--- AVAILABLE DATA ---
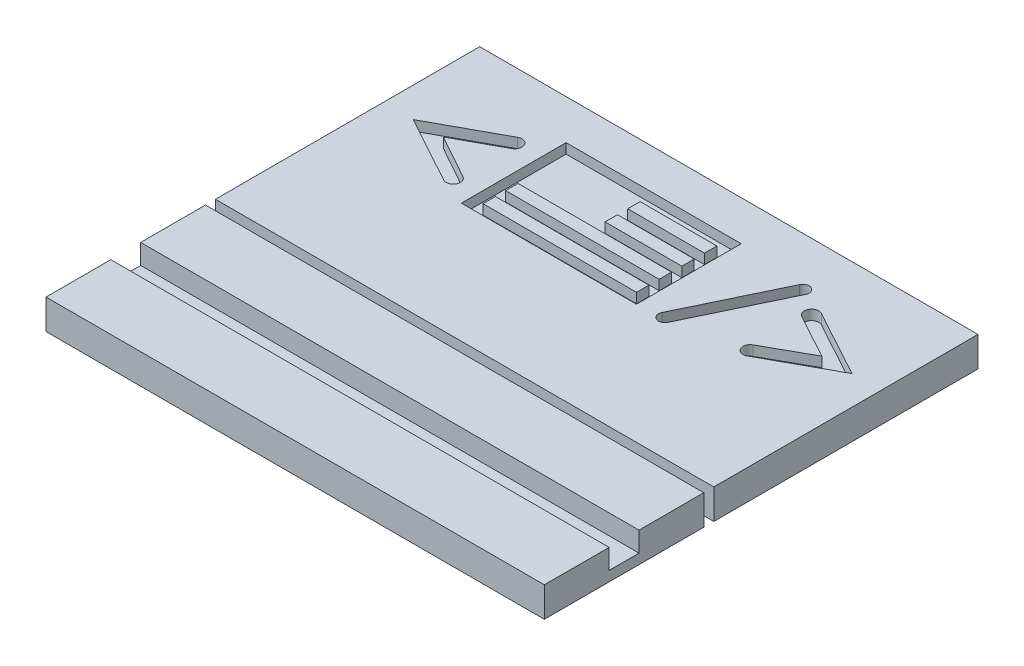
ISO-10303-21;
HEADER;
FILE_DESCRIPTION(('STEP AP214'),'2;1');
FILE_NAME('part.step','',(''),(''),'','','');
FILE_SCHEMA(('AUTOMOTIVE_DESIGN { 1 0 10303 214 1 1 1 1 }'));
ENDSEC;
DATA;
#1=APPLICATION_CONTEXT('core data for automotive mechanical design processes');
#2=APPLICATION_PROTOCOL_DEFINITION('international standard','automotive_design',2000,#1);
#3=PRODUCT_CONTEXT('',#1,'mechanical');
#4=PRODUCT('Part','Part','',(#3));
#5=PRODUCT_RELATED_PRODUCT_CATEGORY('part','',(#4));
#6=PRODUCT_DEFINITION_FORMATION('','',#4);
#7=PRODUCT_DEFINITION_CONTEXT('part definition',#1,'design');
#8=PRODUCT_DEFINITION('design','',#6,#7);
#9=PRODUCT_DEFINITION_SHAPE('','',#8);
#10=(LENGTH_UNIT() NAMED_UNIT(*) SI_UNIT(.MILLI.,.METRE.));
#11=(NAMED_UNIT(*) PLANE_ANGLE_UNIT() SI_UNIT($,.RADIAN.));
#12=(NAMED_UNIT(*) SI_UNIT($,.STERADIAN.) SOLID_ANGLE_UNIT());
#13=UNCERTAINTY_MEASURE_WITH_UNIT(LENGTH_MEASURE(1.E-05),#10,'distance_accuracy_value','');
#14=(GEOMETRIC_REPRESENTATION_CONTEXT(3) GLOBAL_UNCERTAINTY_ASSIGNED_CONTEXT((#13)) GLOBAL_UNIT_ASSIGNED_CONTEXT((#10,
#11,#12)) REPRESENTATION_CONTEXT('',''));
#15=CARTESIAN_POINT('',(0.,0.,0.));
#16=DIRECTION('',(0.,0.,1.));
#17=DIRECTION('',(1.,0.,0.));
#18=AXIS2_PLACEMENT_3D('',#15,#16,#17);
#19=CARTESIAN_POINT('',(0.,-19.05,-339.646560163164));
#20=DIRECTION('',(0.,0.,-1.));
#21=DIRECTION('',(-1.,0.,0.));
#22=AXIS2_PLACEMENT_3D('',#19,#20,#21);
#23=PLANE('',#22);
#24=DIRECTION('',(1.,0.,0.));
#25=VECTOR('',#24,1.);
#26=CARTESIAN_POINT('',(38.1,-15.875,-339.646560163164));
#27=LINE('',#26,#25);
#28=CARTESIAN_POINT('',(25.4,-15.875,-339.646560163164));
#29=VERTEX_POINT('',#28);
#30=CARTESIAN_POINT('',(38.1,-15.875,-339.646560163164));
#31=VERTEX_POINT('',#30);
#32=EDGE_CURVE('E435',#29,#31,#27,.T.);
#33=ORIENTED_EDGE('',*,*,#32,.T.);
#34=DIRECTION('',(0.,-1.,0.));
#35=VECTOR('',#34,1.);
#36=CARTESIAN_POINT('',(38.1,-15.875,-339.646560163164));
#37=LINE('',#36,#35);
#38=CARTESIAN_POINT('',(38.1,-19.05,-339.646560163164));
#39=VERTEX_POINT('',#38);
#40=EDGE_CURVE('E429',#31,#39,#37,.T.);
#41=ORIENTED_EDGE('',*,*,#40,.T.);
#42=DIRECTION('',(-1.,0.,0.));
#43=VECTOR('',#42,1.);
#44=CARTESIAN_POINT('',(0.,-19.05,-339.646560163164));
#45=LINE('',#44,#43);
#46=CARTESIAN_POINT('',(152.4,-19.05,-339.646560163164));
#47=VERTEX_POINT('',#46);
#48=EDGE_CURVE('E524',#47,#39,#45,.T.);
#49=ORIENTED_EDGE('',*,*,#48,.F.);
#50=DIRECTION('',(0.,-1.,0.));
#51=VECTOR('',#50,1.);
#52=CARTESIAN_POINT('',(152.4,-15.875,-339.646560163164));
#53=LINE('',#52,#51);
#54=CARTESIAN_POINT('',(152.4,-15.875,-339.646560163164));
#55=VERTEX_POINT('',#54);
#56=EDGE_CURVE('E462',#55,#47,#53,.T.);
#57=ORIENTED_EDGE('',*,*,#56,.F.);
#58=DIRECTION('',(1.,0.,0.));
#59=VECTOR('',#58,1.);
#60=CARTESIAN_POINT('',(165.1,-15.875,-339.646560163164));
#61=LINE('',#60,#59);
#62=CARTESIAN_POINT('',(165.1,-15.875,-339.646560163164));
#63=VERTEX_POINT('',#62);
#64=EDGE_CURVE('E451',#55,#63,#61,.T.);
#65=ORIENTED_EDGE('',*,*,#64,.T.);
#66=DIRECTION('',(0.,-1.,0.));
#67=VECTOR('',#66,1.);
#68=CARTESIAN_POINT('',(165.1,-15.875,-339.646560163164));
#69=LINE('',#68,#67);
#70=CARTESIAN_POINT('',(165.1,-19.05,-339.646560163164));
#71=VERTEX_POINT('',#70);
#72=EDGE_CURVE('E458',#63,#71,#69,.T.);
#73=ORIENTED_EDGE('',*,*,#72,.T.);
#74=CARTESIAN_POINT('',(279.4,-19.05,-339.646560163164));
#75=VERTEX_POINT('',#74);
#76=EDGE_CURVE('E525',#75,#71,#45,.T.);
#77=ORIENTED_EDGE('',*,*,#76,.F.);
#78=DIRECTION('',(0.,-1.,0.));
#79=VECTOR('',#78,1.);
#80=CARTESIAN_POINT('',(279.4,-15.875,-339.646560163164));
#81=LINE('',#80,#79);
#82=CARTESIAN_POINT('',(279.4,-15.875,-339.646560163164));
#83=VERTEX_POINT('',#82);
#84=EDGE_CURVE('E557',#83,#75,#81,.T.);
#85=ORIENTED_EDGE('',*,*,#84,.F.);
#86=DIRECTION('',(1.,0.,0.));
#87=VECTOR('',#86,1.);
#88=CARTESIAN_POINT('',(292.1,-15.875,-339.646560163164));
#89=LINE('',#88,#87);
#90=CARTESIAN_POINT('',(292.1,-15.875,-339.646560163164));
#91=VERTEX_POINT('',#90);
#92=EDGE_CURVE('E872',#83,#91,#89,.T.);
#93=ORIENTED_EDGE('',*,*,#92,.T.);
#94=DIRECTION('',(0.,-1.,0.));
#95=VECTOR('',#94,1.);
#96=CARTESIAN_POINT('',(292.1,-15.875,-339.646560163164));
#97=LINE('',#96,#95);
#98=CARTESIAN_POINT('',(292.1,-19.05,-339.646560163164));
#99=VERTEX_POINT('',#98);
#100=EDGE_CURVE('E553',#91,#99,#97,.T.);
#101=ORIENTED_EDGE('',*,*,#100,.T.);
#102=CARTESIAN_POINT('',(317.5,-19.05,-339.646560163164));
#103=VERTEX_POINT('',#102);
#104=EDGE_CURVE('E538',#103,#99,#45,.T.);
#105=ORIENTED_EDGE('',*,*,#104,.F.);
#106=DIRECTION('',(0.,1.,0.));
#107=VECTOR('',#106,1.);
#108=CARTESIAN_POINT('',(317.5,-19.05,-339.646560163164));
#109=LINE('',#108,#107);
#110=CARTESIAN_POINT('',(317.5,0.,-339.646560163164));
#111=VERTEX_POINT('',#110);
#112=EDGE_CURVE('E11',#103,#111,#109,.T.);
#113=ORIENTED_EDGE('',*,*,#112,.T.);
#114=DIRECTION('',(-1.,0.,0.));
#115=VECTOR('',#114,1.);
#116=CARTESIAN_POINT('',(0.,0.,-339.646560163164));
#117=LINE('',#116,#115);
#118=CARTESIAN_POINT('',(0.,0.,-339.646560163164));
#119=VERTEX_POINT('',#118);
#120=EDGE_CURVE('E43',#111,#119,#117,.T.);
#121=ORIENTED_EDGE('',*,*,#120,.T.);
#122=DIRECTION('',(0.,1.,0.));
#123=VECTOR('',#122,1.);
#124=CARTESIAN_POINT('',(0.,-19.05,-339.646560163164));
#125=LINE('',#124,#123);
#126=CARTESIAN_POINT('',(0.,-19.05,-339.646560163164));
#127=VERTEX_POINT('',#126);
#128=EDGE_CURVE('E548',#127,#119,#125,.T.);
#129=ORIENTED_EDGE('',*,*,#128,.F.);
#130=CARTESIAN_POINT('',(25.4,-19.05,-339.646560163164));
#131=VERTEX_POINT('',#130);
#132=EDGE_CURVE('E37',#131,#127,#45,.T.);
#133=ORIENTED_EDGE('',*,*,#132,.F.);
#134=DIRECTION('',(0.,-1.,0.));
#135=VECTOR('',#134,1.);
#136=CARTESIAN_POINT('',(25.4,-15.875,-339.646560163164));
#137=LINE('',#136,#135);
#138=EDGE_CURVE('E437',#29,#131,#137,.T.);
#139=ORIENTED_EDGE('',*,*,#138,.F.);
#140=EDGE_LOOP('',(#33,#41,#49,#57,#65,#73,#77,#85,#93,#101,#105,#113,#121,#129,#133,#139));
#141=FACE_BOUND('',#140,.T.);
#142=ADVANCED_FACE('F33',(#141),#23,.F.);
#143=CARTESIAN_POINT('',(0.,-19.05,0.));
#144=DIRECTION('',(-1.,0.,0.));
#145=DIRECTION('',(0.,0.,1.));
#146=AXIS2_PLACEMENT_3D('',#143,#144,#145);
#147=PLANE('',#146);
#148=ORIENTED_EDGE('',*,*,#128,.T.);
#149=DIRECTION('',(0.,0.,1.));
#150=VECTOR('',#149,1.);
#151=CARTESIAN_POINT('',(0.,0.,0.));
#152=LINE('',#151,#150);
#153=CARTESIAN_POINT('',(0.,0.,-508.));
#154=VERTEX_POINT('',#153);
#155=EDGE_CURVE('E541',#154,#119,#152,.T.);
#156=ORIENTED_EDGE('',*,*,#155,.F.);
#157=DIRECTION('',(0.,1.,0.));
#158=VECTOR('',#157,1.);
#159=CARTESIAN_POINT('',(0.,-19.05,-508.));
#160=LINE('',#159,#158);
#161=CARTESIAN_POINT('',(0.,-19.05,-508.));
#162=VERTEX_POINT('',#161);
#163=EDGE_CURVE('E826',#162,#154,#160,.T.);
#164=ORIENTED_EDGE('',*,*,#163,.F.);
#165=DIRECTION('',(0.,0.,1.));
#166=VECTOR('',#165,1.);
#167=CARTESIAN_POINT('',(0.,-19.05,0.));
#168=LINE('',#167,#166);
#169=EDGE_CURVE('E546',#162,#127,#168,.T.);
#170=ORIENTED_EDGE('',*,*,#169,.T.);
#171=EDGE_LOOP('',(#148,#156,#164,#170));
#172=FACE_BOUND('',#171,.T.);
#173=ADVANCED_FACE('F35',(#172),#147,.T.);
#174=CARTESIAN_POINT('',(317.5,-19.05,-508.));
#175=DIRECTION('',(1.,0.,0.));
#176=DIRECTION('',(0.,0.,-1.));
#177=AXIS2_PLACEMENT_3D('',#174,#175,#176);
#178=PLANE('',#177);
#179=ORIENTED_EDGE('',*,*,#112,.F.);
#180=DIRECTION('',(0.,0.,-1.));
#181=VECTOR('',#180,1.);
#182=CARTESIAN_POINT('',(317.5,-19.05,-508.));
#183=LINE('',#182,#181);
#184=CARTESIAN_POINT('',(317.5,-19.05,-508.));
#185=VERTEX_POINT('',#184);
#186=EDGE_CURVE('E530',#103,#185,#183,.T.);
#187=ORIENTED_EDGE('',*,*,#186,.T.);
#188=DIRECTION('',(0.,1.,0.));
#189=VECTOR('',#188,1.);
#190=CARTESIAN_POINT('',(317.5,-19.05,-508.));
#191=LINE('',#190,#189);
#192=CARTESIAN_POINT('',(317.5,0.,-508.));
#193=VERTEX_POINT('',#192);
#194=EDGE_CURVE('E552',#185,#193,#191,.T.);
#195=ORIENTED_EDGE('',*,*,#194,.T.);
#196=DIRECTION('',(0.,0.,-1.));
#197=VECTOR('',#196,1.);
#198=CARTESIAN_POINT('',(317.5,0.,-508.));
#199=LINE('',#198,#197);
#200=EDGE_CURVE('E544',#111,#193,#199,.T.);
#201=ORIENTED_EDGE('',*,*,#200,.F.);
#202=EDGE_LOOP('',(#179,#187,#195,#201));
#203=FACE_BOUND('',#202,.T.);
#204=ADVANCED_FACE('F928',(#203),#178,.T.);
#205=CARTESIAN_POINT('',(0.,-19.05,0.));
#206=DIRECTION('',(0.,-1.,0.));
#207=DIRECTION('',(0.,0.,-1.));
#208=AXIS2_PLACEMENT_3D('',#205,#206,#207);
#209=PLANE('',#208);
#210=ORIENTED_EDGE('',*,*,#48,.T.);
#211=DIRECTION('',(0.,0.,1.));
#212=VECTOR('',#211,1.);
#213=CARTESIAN_POINT('',(38.1,-19.05,-339.646560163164));
#214=LINE('',#213,#212);
#215=CARTESIAN_POINT('',(38.1,-19.05,-333.296560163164));
#216=VERTEX_POINT('',#215);
#217=EDGE_CURVE('E59',#39,#216,#214,.T.);
#218=ORIENTED_EDGE('',*,*,#217,.T.);
#219=DIRECTION('',(1.,0.,0.));
#220=VECTOR('',#219,1.);
#221=CARTESIAN_POINT('',(0.,-19.05,-333.296560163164));
#222=LINE('',#221,#220);
#223=CARTESIAN_POINT('',(152.4,-19.05,-333.296560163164));
#224=VERTEX_POINT('',#223);
#225=EDGE_CURVE('E433',#216,#224,#222,.T.);
#226=ORIENTED_EDGE('',*,*,#225,.T.);
#227=DIRECTION('',(0.,0.,-1.));
#228=VECTOR('',#227,1.);
#229=CARTESIAN_POINT('',(152.4,-19.05,-339.646560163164));
#230=LINE('',#229,#228);
#231=EDGE_CURVE('E446',#224,#47,#230,.T.);
#232=ORIENTED_EDGE('',*,*,#231,.T.);
#233=EDGE_LOOP('',(#210,#218,#226,#232));
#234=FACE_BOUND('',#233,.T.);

--- TASK REQUIREMENTS ---
Starting at the top of the listing above, reproduce each line up to and including the one with "#7=PRODUCT_DEFINITION_CONTEXT('part definition',#1,'design');"; omit the pictures.

--- ANSWER SPACE ---
ISO-10303-21;
HEADER;
FILE_DESCRIPTION(('STEP AP214'),'2;1');
FILE_NAME('part.step','',(''),(''),'','','');
FILE_SCHEMA(('AUTOMOTIVE_DESIGN { 1 0 10303 214 1 1 1 1 }'));
ENDSEC;
DATA;
#1=APPLICATION_CONTEXT('core data for automotive mechanical design processes');
#2=APPLICATION_PROTOCOL_DEFINITION('international standard','automotive_design',2000,#1);
#3=PRODUCT_CONTEXT('',#1,'mechanical');
#4=PRODUCT('Part','Part','',(#3));
#5=PRODUCT_RELATED_PRODUCT_CATEGORY('part','',(#4));
#6=PRODUCT_DEFINITION_FORMATION('','',#4);
#7=PRODUCT_DEFINITION_CONTEXT('part definition',#1,'design');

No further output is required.